To start with, the definition of big data veers into 3Vs (exploding data volumes, data getting generated at high velocity and data now offering more variety); however, if you scan the Internet for a definition of big data, you will find many more interpretations. There are also other interesting observations around big data: it is not only the 3Vs that need to be considered, rather when the scale of data poses real challenges to the traditional data management principles, it can then be considered a big data problem. The heterogeneous nature of big data across multiple platforms and business functions makes it difficult to be managed by following the traditional data management principles, and there is no single platform or solution that has answers to all the questions related to big data. On the other hand, there is still a vast trove of data within the enterprise firewalls that is unused (or underused) because it has historically been too voluminous and/or raw (i.e., minimally structured) to be exploited by conventional information systems, or too costly or complex to integrate and exploit.
Big data is more a concept than a precise term. Some categorize big data as a volume issue, only to petabyte-scale data collections (> one million GB); some associate big data with the variety of data types even if the volume is in terabytes. These interpretations have made big data issues situational.
The pervasiveness of the Internet has pushed generation and usage of data to unprecedented levels. This aspect of digitization has taken a new meaning. The term data is now expanding to cover events captured and stored in the form of text, numbers, graphics, video, images, sound, and signals.
Table illustrates the measures of scale of data.
Table 1-1.
Measuring Big Data
1000 Gigabytes (GB) = 1 Terabyte (TB) |
1000 Terabytes = 1 Petabyte (PB) |
1000 Petabytes = 1 Exabyte (EB) |
1000 Exabytes = 1 Zettabyte (ZB) |
1000 Zettabytes = 1 Yottabyte (YB) |
Is big data a new problem for enterprises? Not necessarily.

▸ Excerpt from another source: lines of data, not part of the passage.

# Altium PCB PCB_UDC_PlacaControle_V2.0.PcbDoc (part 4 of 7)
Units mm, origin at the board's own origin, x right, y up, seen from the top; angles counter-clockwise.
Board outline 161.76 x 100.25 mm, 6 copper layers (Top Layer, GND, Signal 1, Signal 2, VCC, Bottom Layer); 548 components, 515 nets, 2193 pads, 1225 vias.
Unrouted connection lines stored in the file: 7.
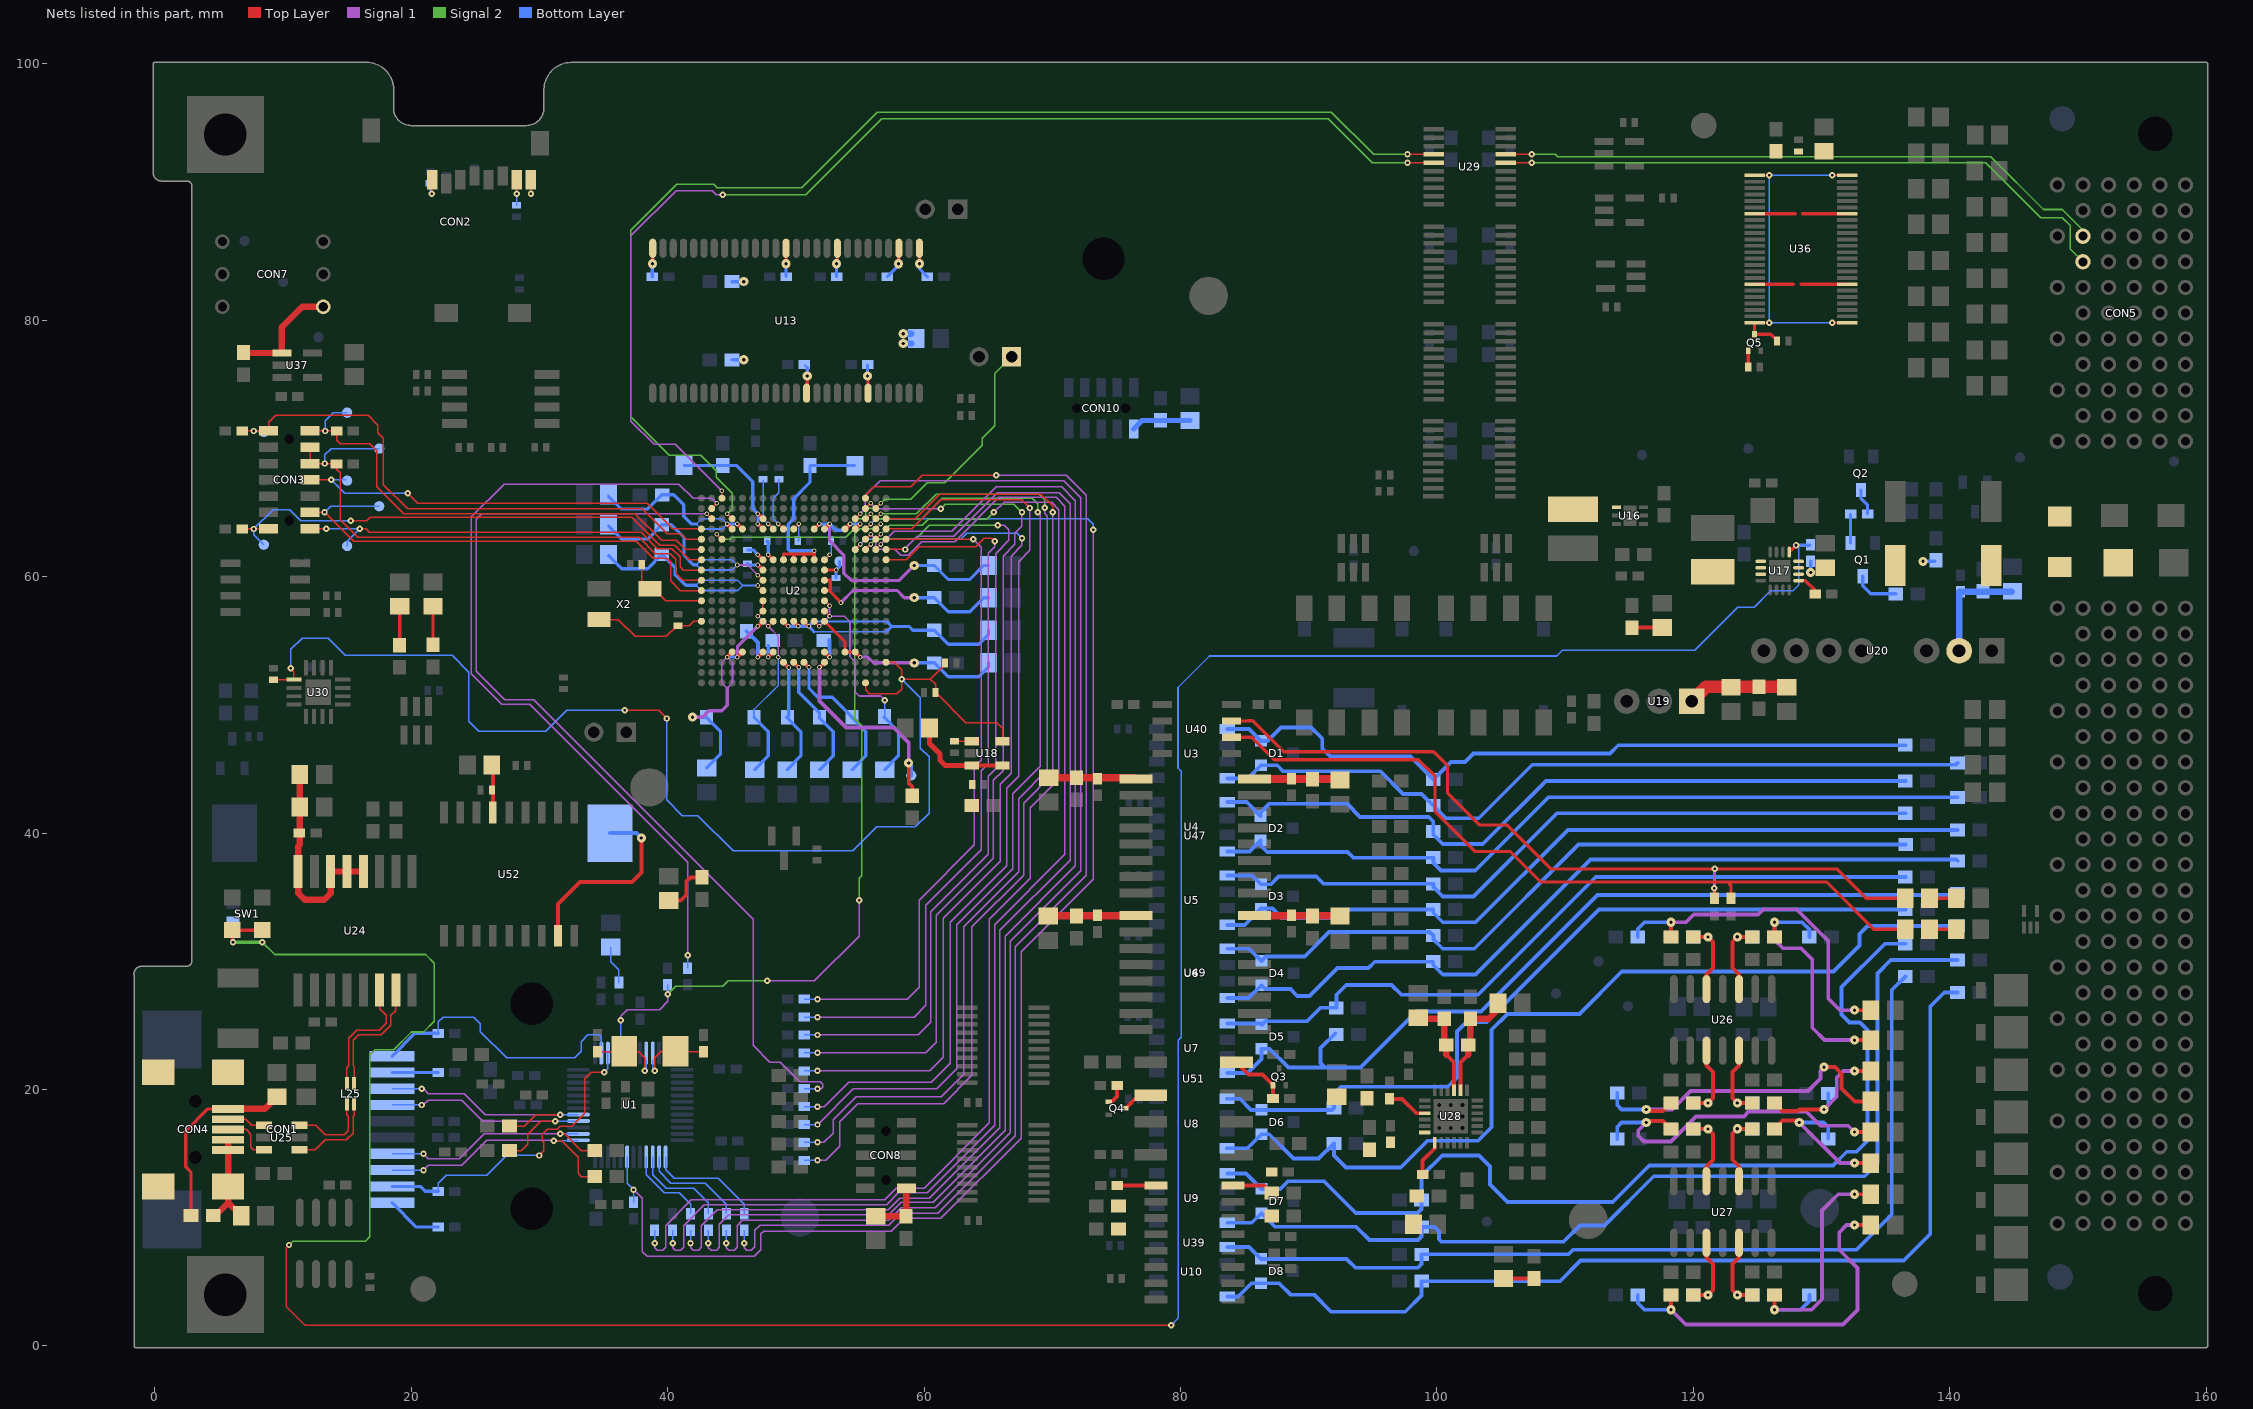
[diagram p8: the nets of this part, all layers, seen from the top]

## Via types
v1: diameter 0.711, hole 0.254, Top Layer to Bottom Layer, tented both sides, 600 vias
v2: diameter 0.5, hole 0.2, Top Layer to Bottom Layer, tented both sides, 404 vias
v3: diameter 0.36, hole 0.2, Top Layer to Bottom Layer, tented both sides, 212 vias
v4: diameter 0.5, hole 0.2, Top Layer to Bottom Layer, tented top, 5 vias
v5: diameter 0.5, hole 0.254, Top Layer to Bottom Layer, tented both sides, 2 vias
v6: diameter 0.5, hole 0.2, Top Layer to Bottom Layer, 2 vias

## Nets (pads, with @x,y where several pads share a name; then routed paths per layer and width w, separated by ;. In a path a pad name is that pad's centre, name@x,y a point inside that pad or via, vN(x,y) a via of type N, cw(c..) or ccw(c..) an arc to the next point about the centre after c; other vN are vias at no path point) (continued)
MCBSP_MDX: U2.U16 U29.4 | length 95.6
  Top Layer w0.102: v3(44.642,64.921) U2.U16@45.035,64.528 ; v2(97.714,92.948) U29.4@99.765,92.948
  Signal 2 w0.102: v3(44.642,64.921) 45.034,65.314 45.034,66.523 43.79,67.767 43.79,68.275 42.596,69.469 40.107,69.469 37.109,72.466 37.109,87.046 40.691,90.627 43.588,90.627 43.867,90.348 50.47,90.348 56.363,96.241 91.77,96.241 95.062,92.948 v2(97.714,92.948)
MCBSP_MDX_5V: CON5.E3 U29.17 | length 47.9
  Top Layer w0.102: U29.17@105.365,92.948 v2(107.417,92.948)
  Signal 2 w0.127: v2(107.417,92.948) 109.239,92.948 109.432,92.756 143.21,92.756 147.32,88.646 148.793,88.646 150.4,87.039 CON5.E3@150.4,86.572
MCBSP_MFSX: U2.W17 U29.5 | length 92.5
  Top Layer w0.102: U2.W17@44.235,66.128 v3(44.235,66.7) ; v2(97.714,92.298) U29.5@99.765,92.298
  Signal 1 w0.102: v3(44.235,66.7) 40.603,70.333 38.938,70.333 37.135,72.136 37.135,86.589 40.665,90.119 43.475,90.119 43.779,89.814 v2(44.298,89.814)
  Signal 2 w0.102: v2(44.298,89.814) 50.786,89.814 56.704,95.733 91.542,95.733 94.976,92.298 v2(97.714,92.298)
MCBSP_MFSX_5V: CON5.E4 U29.16 | length 49.3
  Top Layer w0.102: U29.16@105.365,92.298 v2(107.417,92.298)
  Signal 2 w0.127: v2(107.417,92.298) 142.828,92.298 147.115,88.011 148.793,88.011 149.403,87.401 149.403,85.573 150.403,84.572 CON5.E4@150.4,84.572
MCU_*TRST: CON3.2 R82.1 TP16.1 U2.N19 | length 41
  Top Layer w0.102: R82.1@6.807,63.729 v2(7.722,63.729) CON3.2@8.85,63.729 ; v2(15.291,64.364) 16.535,64.364 16.815,64.643 37.186,64.643 39.373,62.456 40.543,62.456 41.671,61.328 U2.N19@42.635,61.328
  Bottom Layer w0.102: TP16.1@8.5,62.5 7.722,63.278 v2(7.722,63.729) 9.22,65.227 10.516,65.227 11.379,64.364 v2(15.291,64.364)
MCU_ARSTN: C104.2 R77.1 R121.2 U2.A3 U2.C1 U18.5 U30.1 | length 100.2
  Top Layer w0.102: R121.2@9.271,51.978 U30.1@10.851,51.978 10.851,52.598 v2(10.592,52.857) ; v2(36.652,49.581) 39.294,49.581 v2(39.929,48.946) ; U2.A3@55.435,51.728 55.435,51.169 55.728,50.876 57.887,50.876 58.242,51.232 v2@58.242,52.019 ; U2.C1@57.035,53.328 57.67,53.328 58.242,52.756 v2@58.242,52.019 ; C104.2@61.635,53.289 61.635,53.177 60.477,52.019 ; U18.5@66.122,47.178 66.122,48.178 65.684,48.616 63.259,48.616 R77.1@60.897,50.978 60.897,51.6 60.477,52.019 ; v2@58.242,52.019 v2(58.268,52.019) 60.477,52.019
  Bottom Layer w0.102: v2(10.592,52.857) 10.592,54.331 11.481,55.22 13.513,55.22 14.859,53.873 23.178,53.873 24.486,52.566 24.486,48.717 25.248,47.955 30.505,47.955 32.131,49.581 v2(36.652,49.581) ; v2@40.056,48.946 39.929,48.819 39.929,42.596 41.148,41.377 42.367,41.377 45.11,38.633 54.458,38.633 56.312,40.488 59.309,40.488 60.389,41.567 60.389,45.961 59.715,46.634 59.715,50.571 v2(58.268,52.019)
MCU_EMU0: CON3.13 R84.1 TP11.1 U2.P19 | length 39.2
  Top Layer w0.102: CON3.13@12.105,71.374 v2(13.284,71.374) R84.1@14.173,71.374 14.173,70.658 14.448,70.383 16.764,70.383 17.323,69.825 17.323,67.017 19.417,64.922 37.44,64.922 39.522,62.84 40.654,62.84 41.366,62.128 U2.P19@42.635,62.128
  Bottom Layer w0.102: v2(13.284,71.374) 13.284,72.187 13.897,72.8 TP11.1@15,72.8
MCU_EMU1: CON3.14 R85.1 TP17.1 U2.R19 | length 43.9
  Top Layer w0.102: R85.1@6.807,71.374 v2(7.722,71.374) CON3.14@8.875,71.374 8.875,72.045 9.423,72.593 16.637,72.593 17.399,71.831 17.399,71.247 17.831,70.815 17.831,67.183 19.71,65.303 38.024,65.303 39.98,63.348 41.021,63.348 41.441,62.928 U2.R19@42.635,62.928
  Bottom Layer w0.102: v2(7.722,71.374) TP17.1@8.426,71.374
MCU_GPIO76_ENET: R6.1 U2.U4 | length 100.1
  Top Layer w0.102: U2.U4@54.635,64.528 v3(55.028,64.921)
  Signal 1 w0.102: v2(44.577,8.001) 44.577,7.671 44.78,7.468 45.212,7.468 45.428,7.684 45.428,9.396 45.837,9.804 57.237,9.804 58.203,10.77 60.877,10.77 66.726,16.618 66.726,31.572 72.212,37.059 72.212,66.167 70.891,67.488 56.566,67.488 55.423,66.345 55.423,65.316 v3(55.028,64.921)
  Bottom Layer w0.102: v2(44.577,8.001) R6.1@44.577,9.017
MCU_GPIO77_ENET: R5.1 U2.W3 | length 98
  Top Layer w0.102: U2.W3@55.435,66.128 55.435,66.357 56.083,67.005 58.953,67.005 59.868,67.92 v2(65.634,67.92)
  Signal 1 w0.102: v2(45.974,8.001) 45.974,7.645 46.152,7.468 46.533,7.468 46.812,7.747 46.812,9.035 47.205,9.428 57.256,9.428 58.191,10.363 61.055,10.363 67.107,16.415 67.107,31.14 72.669,36.703 72.669,66.345 71.095,67.92 v2(65.634,67.92)
  Bottom Layer w0.102: v2(45.974,8.001) R5.1@45.974,9.017
MCU_GPIO78_ENET: TP1.1 U2.R17 U2.V2 | length 33.5
  Top Layer w0.102: v3(43.842,63.321) U2.R17@44.235,62.928 ; U2.V2@56.235,65.328 v3(56.628,65.721)
  Signal 2 w0.102: v3(43.842,63.321) 44.235,62.928 44.882,62.928 45.047,63.094 53.899,63.094 54.635,63.83 54.635,64.317 54.835,64.516 55.296,64.516 55.435,64.655 55.435,65.188 55.6,65.354 56.261,65.354 v3(56.628,65.721) 56.947,66.04 58.953,66.04 60.249,67.335 61.62,67.335 64.541,70.256 64.541,70.79 65.532,71.78 65.532,75.866
  Signal 2 w0.127: 65.532,75.866 TP1.1@66.827,77.161
MCU_GPIO79_ENET: R20.1 U2.V3 | length 67.7
  Top Layer w0.102: U2.V3@55.408,65.303 v3@55.801,65.697
  Signal 1 w0.102: v2(51.689,22.86) 60.147,22.86 60.96,23.673 60.96,33.604 65.405,38.049 65.405,44.12 66.167,44.882 66.167,61.62 67.081,62.535 67.081,63.398 67.64,63.957 v2(67.64,65.024) ; v3(55.828,65.721) 56.246,65.303 v2(61.316,65.303)
  Signal 2 w0.102: v2(61.316,65.303) 61.671,65.659 67.005,65.659 v2(67.64,65.024)
  Bottom Layer w0.102: R20.1@50.673,22.86 v2(51.689,22.86)
MCU_GPIO80_ENET: R19.1 U2.U1 | length 78.1
  Top Layer w0.102: U2.U1@57.035,64.528 59.296,64.528 61.214,66.446 69.113,66.446 70.028,65.532 v2(70.028,65.024)
  Signal 1 w0.102: v2(51.689,14.478) 52.324,14.478 53.442,15.596 53.442,17.501 54.839,18.898 61.519,18.898 63.729,21.107 63.729,32.69 67.767,36.728 67.767,42.342 70.053,44.628 v2@70.053,65.024
  Bottom Layer w0.102: R19.1@50.673,14.478 v2(51.689,14.478)
MCU_GPIO81_ENET: R18.1 U2.U2 | length 77
  Top Layer w0.102: U2.U2@56.235,64.528 v3(56.628,64.921)
  Signal 1 w0.102: v2(51.689,15.875) 52.172,15.875 52.908,16.612 52.908,17.628 54.712,19.431 61.341,19.431 63.094,21.184 63.094,32.69 67.386,36.982 67.386,42.697 69.621,44.933 69.621,64.738 69.418,64.942 v2(69.418,65.38)
  Signal 2 w0.102: v3(56.628,64.921) 59.409,64.921 60.935,66.446 68.986,66.446 69.418,66.015 v2(69.418,65.38)
  Bottom Layer w0.102: R18.1@50.673,15.875 v2(51.689,15.875)
MCU_GPIO82_ENET: R17.1 U2.U3 | length 75.1
  Top Layer w0.102: U2.U3@55.435,64.528 v3(55.828,64.921)
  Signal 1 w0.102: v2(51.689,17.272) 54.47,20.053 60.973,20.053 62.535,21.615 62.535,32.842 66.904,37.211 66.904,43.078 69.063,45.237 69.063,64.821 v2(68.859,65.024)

Big data has been of concern in few selected industries and scenarios for some time: physical sciences (meteorology, physics), life sciences (genomics, biomedical research), financial institutions (banking, insurance, and capital markets) and government (defense, treasury). For these industries, big data was primarily a data volume problem, and to solve these data-volume-related issues they had heavily relied on a mash-up of custom-developed technologies and a set of complex programs to collect and manage the data. But, when doing so, these industries and vendor products generally made the total cost of ownership (TCO) of the IT infrastructure rise exponentially every year.
CIOs and CTOs have always grappled with dilemmas like how to lower IT costs to manage the ever-increasing volumes of data, how to build systems that are scalable, how to address performance-related concerns to meet business requirements that are becoming increasingly global in scope and reach, how to manage data security, and privacy and data-quality-related concerns. The polystructured nature of big data has made the concerns increase in manifold ways: how does an industry effectively utilize the poly-structured nature of data (structured data like database content, semi-structured data like log files or XML files and unstructured content like text documents or web pages or graphics) in a cost effective manner?